It is claimed also that the court erred in charging the jury. . By the first instruction complained of, the jury were told, in substance, that it was not necessary for the plaintiffs, in order to recover against the defendant Ryan, to prove that he had given an official bond. The position of counsel on this point, as we understand them, being that where the petition states a cause of action against principal and sureties in. a joint official bond, in order to warrant a recovery at all the proof must cover the entire ground of the complaint. We cannot so hold, nor does the case cited by counsel—Aucker v. Adams & Ford, 23 Ohio St., 543—go so far. In that case the court, in construing secs. 371 and 566 of the Ohio code, which are the same as secs. 429 and 643 of our code, held that in an action against the principal and sureties on the bond of a justice of the peace, it was error for the court to render a several judgment against one of the defendants, leaving the action to proceed against the others. The court also decided that a several action could not be maintained on such a bond. In the opinion, however, *532we find this language, which fully accords with our view, that where, on the trial of such joint action, the evidence warrants it, the judgment may be against any number of the defendants: “ "When the subject matter of the action is such that the plaintiff could not have prosecuted several actions, his only remedy being to demand a joint judgment in a joint action, he cannot have a several judgment against any of the defendants until the liability of each and all of the defendants has been determined upon final trial of all the issues in the ease. Upon such final trial, if all the defendants are found to be liable, then judgment should be rendered against all, and if some only are found to be liable, and others not, the judgment should be against those found to be liable, and in favor of those found to be not liable.”

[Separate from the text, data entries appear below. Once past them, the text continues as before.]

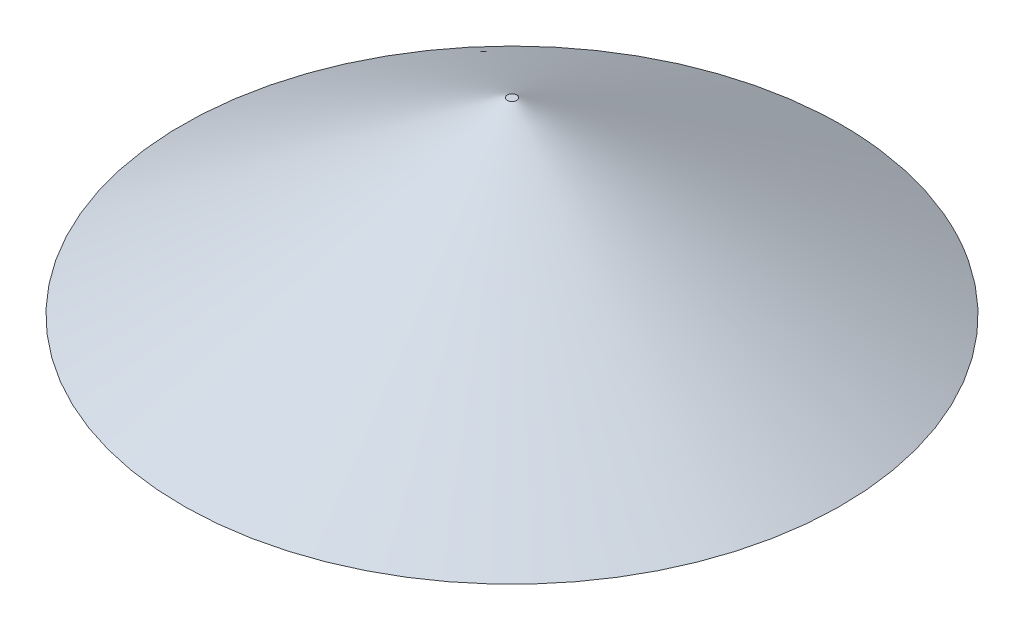
SolidWorks part; units mm, degrees
ref_plane "Front Plane" through (0, 0, 0) normal (0, 0, 1) x (1, 0, 0)
ref_plane "Top Plane" through (0, 0, 0) normal (0, 1, 0) x (1, 0, 0)
ref_plane "Right Plane" through (0, 0, 0) normal (1, 0, 0) x (0, 0, -1)
ref_plane "Plane1" through (0, 20, 0) normal (0, 1, 0) x (1, 0, 0)
sketch "Sketch1" plane through (0, 0, 0) normal (0, 1, 0) x (1, 0, 0)
  circle A0 centre (0, 0) radius 35
  dimension "D1" = 70
sketch "Sketch2" plane through (0, 20, 0) normal (0, 1, 0) x (1, 0, 0)
  circle A0 centre (0, 0) radius 0.5
loft "Loft1" add profiles "Sketch1", "Sketch2" connector at (-9.0681, 0, 33.8049) connector at (0, 20, 0.5)

This petition doubtless shows a joint cause of action against all of the defendants; therefore, under the rule just stated, which we believe to be sound, & recovery against them all, or even against any of those named as sureties, would have required proof of all of its material allegations, including those showing the execution and delivery of the bond. As to the sureties, the petition, without the averments relative to the bond, stated no cause of action. Not so, however, as to the defendant Ryan. He was the principal in all these transactions, and it was his negligence that caused the injury complained of. His liability in nowise depended upon having given a bond; and if everything relating to that instrument had been omitted, or stricken from the petition, a good cause of action as against him would have remained. This being so, how can it be said that proof .of the execution of the bond was essential to the plaintiff’s right to recover against the defendant Ryan ? There was no error in this instruction, and necessarily none in that concerning the failure of *533the bank to prove the contents of the bond, as it related to matter not at all material, and could in nowise have affected the result as to the party now complaining. Had the other defendants, the alleged sureties, been defeated on the trial, and were they here, these questions concerning the execution and contents of the bond, which now are immaterial, would be pertinent subjects of inquiry.
The fourth instruction given on behalf of the bank was certainly erroneous. It was in these words: “The jury are instructed that if the transcript of the judgment in the probate court was duly filed with the defendant Eyan, or his deputy, as alleged in the petition, to be entered on the records according to law for the purpose of becoming a lien on the lands of said 'William Hall, and that Eyan’s fees for such purpose were paid, or he made no objection oh account of fees, then the jury are instructed that the defendant L. A. Eyan did not do his official duty to properly index such judgment and enter it on the judgment record, and arrange the same alphabetically in such a way as to make it a lien on any land of said Hall.”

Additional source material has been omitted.